**About this exercise:** Count the lines below that hold the word "VECTOR" and say how many, with no other text.

**Given records:**
______________________________

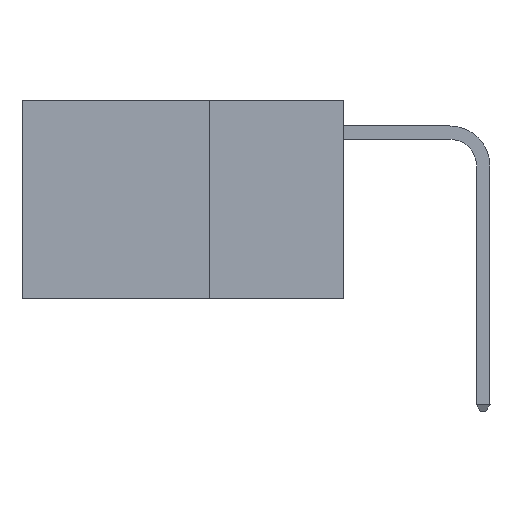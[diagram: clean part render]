
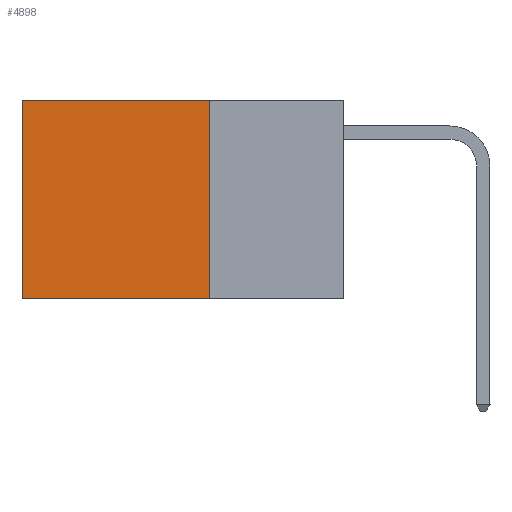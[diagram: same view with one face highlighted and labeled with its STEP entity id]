
A CAD part, left-side view. The second image highlights one B-rep face of the part: STEP entity #4898.
In plain terms, the highlighted planar face has unit normal (-1, 0, 0).
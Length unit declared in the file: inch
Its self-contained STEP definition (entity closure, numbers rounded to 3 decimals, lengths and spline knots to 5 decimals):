
#287 = LINE ( 'NONE', #9135, #13949 ) ;
#754 = CARTESIAN_POINT ( 'NONE',  ( 0.2625, 0.25, -0.37 ) ) ;
#1009 = EDGE_CURVE ( 'NONE', #2145, #3394, #12044, .T. ) ;
#1573 = VECTOR ( 'NONE', #10000, 39.37008 ) ;
#2145 = VERTEX_POINT ( 'NONE', #7209 ) ;
#2319 = LINE ( 'NONE', #14270, #11901 ) ;
#2621 = VECTOR ( 'NONE', #7501, 39.37008 ) ;
#3394 = VERTEX_POINT ( 'NONE', #754 ) ;
#3610 = CARTESIAN_POINT ( 'NONE',  ( 0.2625, 0.6, 0. ) ) ;
#4898 = ADVANCED_FACE ( 'NONE', ( #7838 ), #10503, .F. ) ;
#5181 = DIRECTION ( 'NONE',  ( 0., 1., 0. ) ) ;
#5963 = VERTEX_POINT ( 'NONE', #6036 ) ;
#6036 = CARTESIAN_POINT ( 'NONE',  ( 0.2625, 0.6, -0.37 ) ) ;
#7209 = CARTESIAN_POINT ( 'NONE',  ( 0.2625, 0.25, 0. ) ) ;
#7413 = EDGE_LOOP ( 'NONE', ( #12588, #12650, #12707, #12872 ) ) ;
#7501 = DIRECTION ( 'NONE',  ( 0., 0., -1. ) ) ;
#7838 = FACE_OUTER_BOUND ( 'NONE', #7413, .T. ) ;
#8195 = DIRECTION ( 'NONE',  ( 1., 0., 0. ) ) ;
#9135 = CARTESIAN_POINT ( 'NONE',  ( 0.2625, 0.25, 0. ) ) ;
#9553 = LINE ( 'NONE', #3610, #2621 ) ;
#9885 = CARTESIAN_POINT ( 'NONE',  ( 0.2625, 0.25, 0. ) ) ;
#10000 = DIRECTION ( 'NONE',  ( 0., 0., -1. ) ) ;
#10434 = DIRECTION ( 'NONE',  ( 0., 1., 0. ) ) ;
#10503 = PLANE ( 'NONE',  #12343 ) ;
#10562 = DIRECTION ( 'NONE',  ( 0., 0., -1. ) ) ;
#11504 = VERTEX_POINT ( 'NONE', #14388 ) ;
#11677 = CARTESIAN_POINT ( 'NONE',  ( 0.2625, 0.25, 0. ) ) ;
#11901 = VECTOR ( 'NONE', #5181, 39.37008 ) ;
#12044 = LINE ( 'NONE', #9885, #1573 ) ;
#12343 = AXIS2_PLACEMENT_3D ( 'NONE', #11677, #8195, #10562 ) ;
#12588 = ORIENTED_EDGE ( 'NONE', *, *, #12610, .T. ) ;
#12610 = EDGE_CURVE ( 'NONE', #11504, #5963, #9553, .T. ) ;
#12650 = ORIENTED_EDGE ( 'NONE', *, *, #15652, .F. ) ;
#12707 = ORIENTED_EDGE ( 'NONE', *, *, #1009, .F. ) ;
#12872 = ORIENTED_EDGE ( 'NONE', *, *, #14915, .T. ) ;
#13949 = VECTOR ( 'NONE', #10434, 39.37008 ) ;
#14270 = CARTESIAN_POINT ( 'NONE',  ( 0.2625, 0.25, -0.37 ) ) ;
#14388 = CARTESIAN_POINT ( 'NONE',  ( 0.2625, 0.6, 0. ) ) ;
#14915 = EDGE_CURVE ( 'NONE', #2145, #11504, #287, .T. ) ;
#15652 = EDGE_CURVE ( 'NONE', #3394, #5963, #2319, .T. ) ;

______________________________

**Final answer:** 4